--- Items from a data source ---
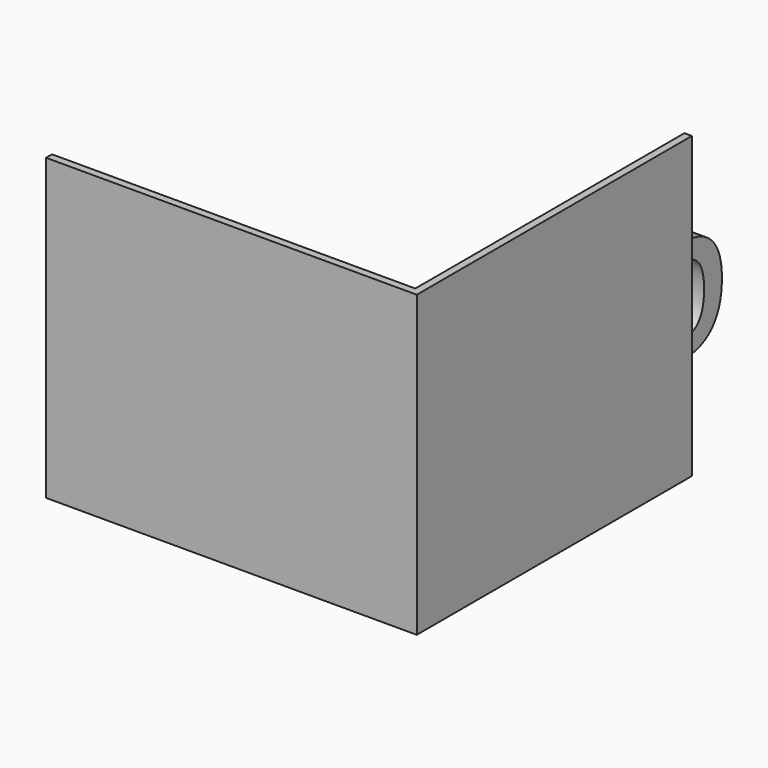
from build123d import *

# Parameters (mm, degrees)
F1_DEPTH     = 101.6
F2_T         = -2.54
F3_TEXT_SIZE = 47.6350283457
F4_DEPTH     = 25.4


# Not quite as in the source:
# - Text() gives the source's letters only with a copy of the font that has no kerning and outlines rounded to 1/6400 em; it was checked with that copy


with BuildPart() as f1:
    # F0 (on Top) → F1 (new body)
    with BuildSketch(Plane.XY):
        with BuildLine():
            ThreePointArc((0, 0), (-43.2889174701, 17.9308567165), (-61.2197741866, 61.2197741866))
            Line((-61.2197741866, 61.2197741866), (-61.2197741866, -55.4614774883))
            Line((-61.2197741866, -55.4614774883), (64.5535215735, -55.4614774883))
            Line((64.5535215735, -55.4614774883), (64.5535215735, 61.2197741866))
            ThreePointArc((64.5535215735, 61.2197741866), (20.0703284018, 43.4810256554), (0, 0))
        make_face()
        with BuildLine():
            Line((64.5535215735, 61.2197741866), (-61.2197741866, 61.2197741866))
            ThreePointArc((-61.2197741866, 61.2197741866), (-43.2889174701, 17.9308567165), (0, 0))
            ThreePointArc((0, 0), (20.0703284018, 43.4810256554), (64.5535215735, 61.2197741866))
        make_face()
    extrude(amount=F1_DEPTH)

    # F2
    f2_openings = [f1.faces().sort_by_distance(p)[0] for p in [
        (1.666874, 2.879148, 0),
        (-61.219774, 2.879148, 50.8),
        (1.666874, 61.219774, 50.8),
        (1.666874, 2.879148, 101.6),
    ]]
    offset(amount=F2_T, openings=f2_openings)

    # F3 (on face) → F4 (join)
    with BuildSketch(Plane(origin=(62.0135215735, 0, 0), x_dir=(0, -1, 0), z_dir=(-1, 0, 0))):
        with Locations((-79.9090005457, 34.6219353378)):
            Text('Open', F3_TEXT_SIZE, font='Open Sans', font_style=FontStyle.BOLD, text_align=(TextAlign.LEFT, TextAlign.BOTTOM))
    extrude(amount=F4_DEPTH)


solid = f1.part
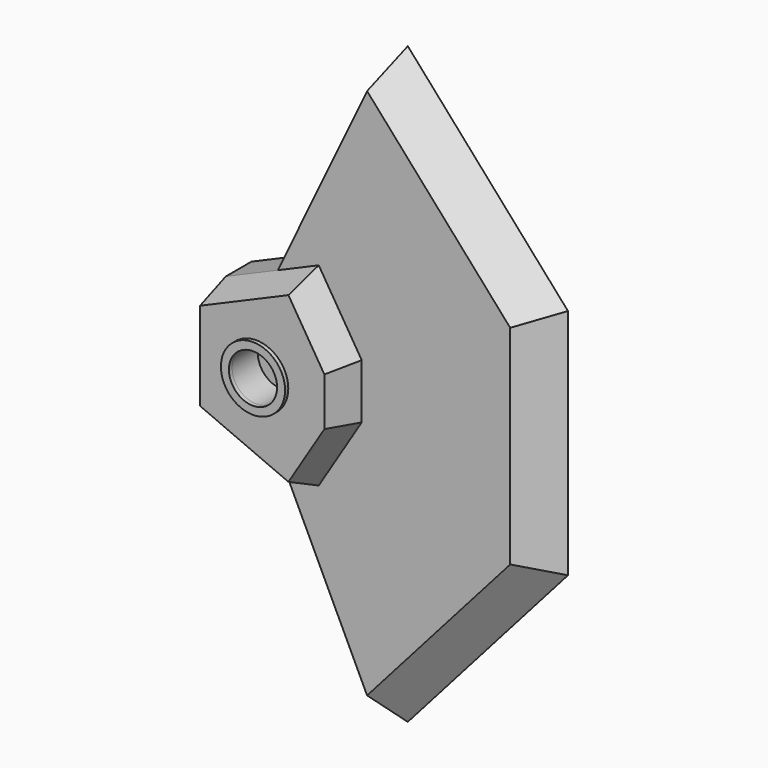
from build123d import *

# Parameters (mm, degrees)
F1_DEPTH      = 8
F1_TAPER      = -20
F2_W          = 14.830423519
F2_H          = 54.1627034545
F3_DEPTH      = 8.0010001
F4_R          = 6
F5_DEPTH      = 8.0010001
F5_DEPTH_BACK = 77
F4_R_2        = 8
F6_DEPTH      = 1
F9_DEPTH      = 8
F10_SIZE      = 7.99999


# Not quite as in the source:
# - a fillet or chamfer is up to 0.001 mm smaller than in the source, because OpenCascade refuses the exact size
# - an extrude ends at something that could not be found from the text; its depth is read off the source's solid


with BuildPart() as f1:
    # F0 (on Front) → F1 (new body)
    with BuildSketch(Plane.XZ):
        Polygon((0, 11), (0, 0), (0, -11), (22.0397368405, -20.5), (31, -6), (31, 0), (31, 6), (22.0397368405, 20.5), align=None)
    extrude(amount=-F1_DEPTH, taper=F1_TAPER)

    # F2 (on Front) → F3 (cut, through all)
    with BuildSketch(Plane.XZ):
        with Locations((-7.4152117595, -1.4976877719)):
            Rectangle(F2_W, F2_H)
    extrude(amount=-F3_DEPTH, mode=Mode.SUBTRACT)

    # F4 (on Front) → F5 (cut, two sides)
    with BuildSketch(Plane.XZ) as f5_sk:
        with Locations((14, 0)):
            Circle(F4_R)
    extrude(amount=-F5_DEPTH, mode=Mode.SUBTRACT)
    extrude(f5_sk.sketch, amount=F5_DEPTH_BACK, mode=Mode.SUBTRACT)

    # F4 (on Front) → F6 (join)
    with BuildSketch(Plane.XZ):
        with Locations((14, 0)):
            Circle(F4_R_2)
        with Locations((14, 0)):
            Circle(F4_R, mode=Mode.SUBTRACT)
    extrude(amount=F6_DEPTH)

    # F8 (on face) → F9 (join)
    with BuildSketch(Plane(origin=(0, 8, 0), x_dir=(-1, 0, 0), z_dir=(0, 1, 0))):
        Polygon((-39, -74.1707404442), (-13, -19.7742556265), (0, -14.1707404442), (0, 14.1707404442), (-13, 19.7742556265), (-39, 74.1707404442), (-78.9322146674, 29), (-78.9322146674, -29), align=None)
    extrude(amount=F9_DEPTH)

    # F10 (size 8 in the source; OpenCascade refuses exactly that, so slightly less here)
    f10_edges = [f1.edges().sort_by_distance(p)[0] for p in [
        (58.966107, 8, 51.58537),
        (78.932215, 8, 0),
        (58.966107, 8, -51.58537),
    ]]
    chamfer(f10_edges, length=F10_SIZE)


solid = f1.part
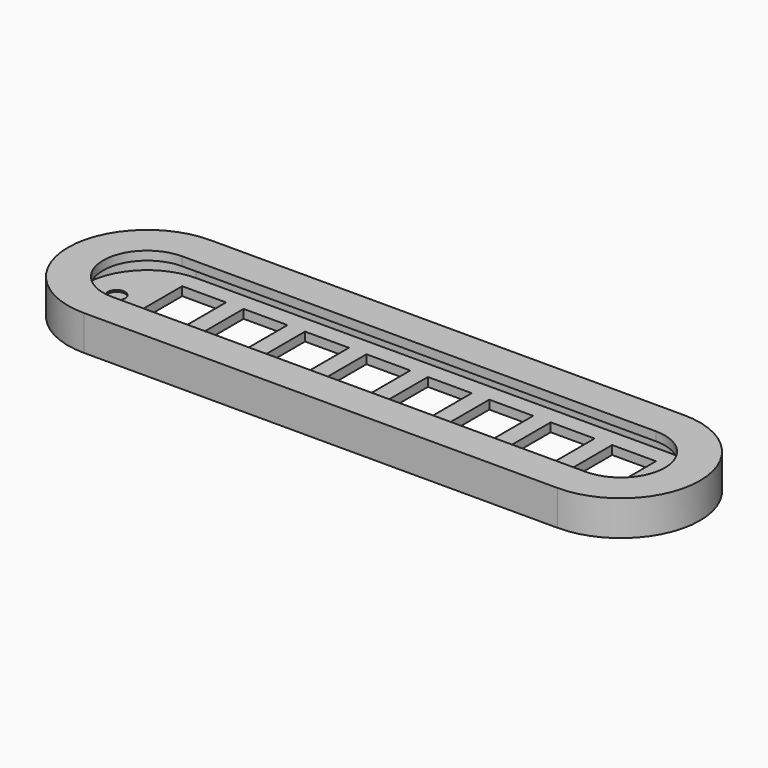
from build123d import *

# Parameters (mm, degrees)
F1_DEPTH  = 0.5
F2_W      = 2.5
F2_H      = 5
F3_DEPTH  = 0.501
F4_DEPTH  = 1
F6_DEPTH  = 0.5
F8_DEPTH  = 0.1
F10_DEPTH = 0.25


# Not quite as in the source:
# - a feature names something its author has since deleted; it is built from what else it names


with BuildPart() as f1:
    # F0 (on Top) → F1 (new body)
    with BuildSketch(Plane.XY):
        with BuildLine():
            Line((0, 4.5), (-13.5, 4.5))
            ThreePointArc((-13.5, 4.5), (-18, 0), (-13.5, -4.5))
            Line((-13.5, -4.5), (0, -4.5))
            Line((0, -4.5), (13.5, -4.5))
            ThreePointArc((13.5, -4.5), (18, 0), (13.5, 4.5))
            Line((13.5, 4.5), (0, 4.5))
        make_face()
    extrude(amount=F1_DEPTH)

    # F2 (on face) → F3 (cut, through all)
    with BuildSketch(Plane.XY.offset(0.5)):
        with Locations((-12.25, 0)):
            Rectangle(F2_W, F2_H)
        with Locations((-5.25, 0)):
            Rectangle(F2_W, F2_H)
        with Locations((-1.75, 0)):
            Rectangle(F2_W, F2_H)
        with Locations((-8.75, 0)):
            Rectangle(F2_W, F2_H)
        with Locations((1.75, 0)):
            Rectangle(F2_W, F2_H)
        with Locations((5.25, 0)):
            Rectangle(F2_W, F2_H)
        with Locations((8.75, 0)):
            Rectangle(F2_W, F2_H)
        with Locations((12.25, 0)):
            Rectangle(F2_W, F2_H)
    extrude(amount=-F3_DEPTH, mode=Mode.SUBTRACT)

    # F2 (on face) → F4 (join)
    with BuildSketch(Plane.XY.offset(0.5)):
        with BuildLine():
            Line((0, 4.5), (-13.5, 4.5))
            ThreePointArc((-13.5, 4.5), (-18, 0), (-13.5, -4.5))
            Line((-13.5, -4.5), (0, -4.5))
            Line((0, -4.5), (13.5, -4.5))
            ThreePointArc((13.5, -4.5), (18, 0), (13.5, 4.5))
            Line((13.5, 4.5), (0, 4.5))
        make_face()
        with BuildLine():
            ThreePointArc((-13.5, -3.5), (-17, 0), (-13.5, 3.5))
            Line((-13.5, 3.5), (0, 3.5))
            Line((0, 3.5), (13.5, 3.5))
            ThreePointArc((13.5, 3.5), (17, 0), (13.5, -3.5))
            Line((13.5, -3.5), (0, -3.5))
            Line((0, -3.5), (-13.5, -3.5))
        make_face(mode=Mode.SUBTRACT)
    extrude(amount=F4_DEPTH)

    # F5 (on face) → F6 (join)
    with BuildSketch(Plane.XY.offset(1.5)):
        with BuildLine():
            Line((0, 4.5), (-13.5, 4.5))
            ThreePointArc((-13.5, 4.5), (-18, 0), (-13.5, -4.5))
            Line((-13.5, -4.5), (0, -4.5))
            Line((0, -4.5), (13.5, -4.5))
            ThreePointArc((13.5, -4.5), (18, 0), (13.5, 4.5))
            Line((13.5, 4.5), (0, 4.5))
        make_face()
        with BuildLine():
            Line((13.5, -3.5), (-13.5, -3.5))
            ThreePointArc((-13.5, -3.5), (-17, 0), (-13.5, 3.5))
            Line((-13.5, 3.5), (13.5, 3.5))
            ThreePointArc((13.5, 3.5), (17, 0), (13.5, -3.5))
        make_face(mode=Mode.SUBTRACT)
        with BuildLine():
            ThreePointArc((-13.5, 3.5), (-17, 0), (-13.5, -3.5))
            Line((-13.5, -3.5), (13.5, -3.5))
            ThreePointArc((13.5, -3.5), (17, 0), (13.5, 3.5))
            Line((13.5, 3.5), (-13.5, 3.5))
        make_face()
        with BuildLine():
            ThreePointArc((-13.5, -2.5), (-16, 0), (-13.5, 2.5))
            Line((-13.5, 2.5), (0, 2.5))
            Line((0, 2.5), (13.5, 2.5))
            ThreePointArc((13.5, 2.5), (16, 0), (13.5, -2.5))
            Line((13.5, -2.5), (0, -2.5))
            Line((0, -2.5), (-13.5, -2.5))
        make_face(mode=Mode.SUBTRACT)
    extrude(amount=F6_DEPTH)

    # F7 (on face) → F8 (cut)
    with BuildSketch(Plane.XY.offset(0.5)):
        with BuildLine():
            ThreePointArc((-15.75, 0), (-15.25, -0.5), (-14.75, 0))
            ThreePointArc((-14.75, 0), (-15.25, 0.5), (-15.75, 0))
        make_face()
    extrude(amount=-F8_DEPTH, mode=Mode.SUBTRACT)

    # F9 (on face) → F10 (cut)
    with BuildSketch(Plane(origin=(0, 0, 0), x_dir=(1, 0, 0), z_dir=(0, 0, -1))):
        with BuildLine():
            ThreePointArc((-15.75, 0), (-15.25, -0.5), (-14.75, 0))
            ThreePointArc((-14.75, 0), (-15.25, 0.5), (-15.75, 0))
        make_face()
    extrude(amount=-F10_DEPTH, mode=Mode.SUBTRACT)


solid = f1.part

--- WHAT THIS TASK INVOLVES ---
When a line of the data holds the string "font", pick it out and copy it.

--- REPLY ---
# - Text() gives the source's letters only with a copy of the font that has no kerning and outlines rounded to 1/6400 em; it was checked with that copy
            Text('Open', F3_TEXT_SIZE, font='Open Sans', font_style=FontStyle.BOLD, text_align=(TextAlign.LEFT, TextAlign.BOTTOM))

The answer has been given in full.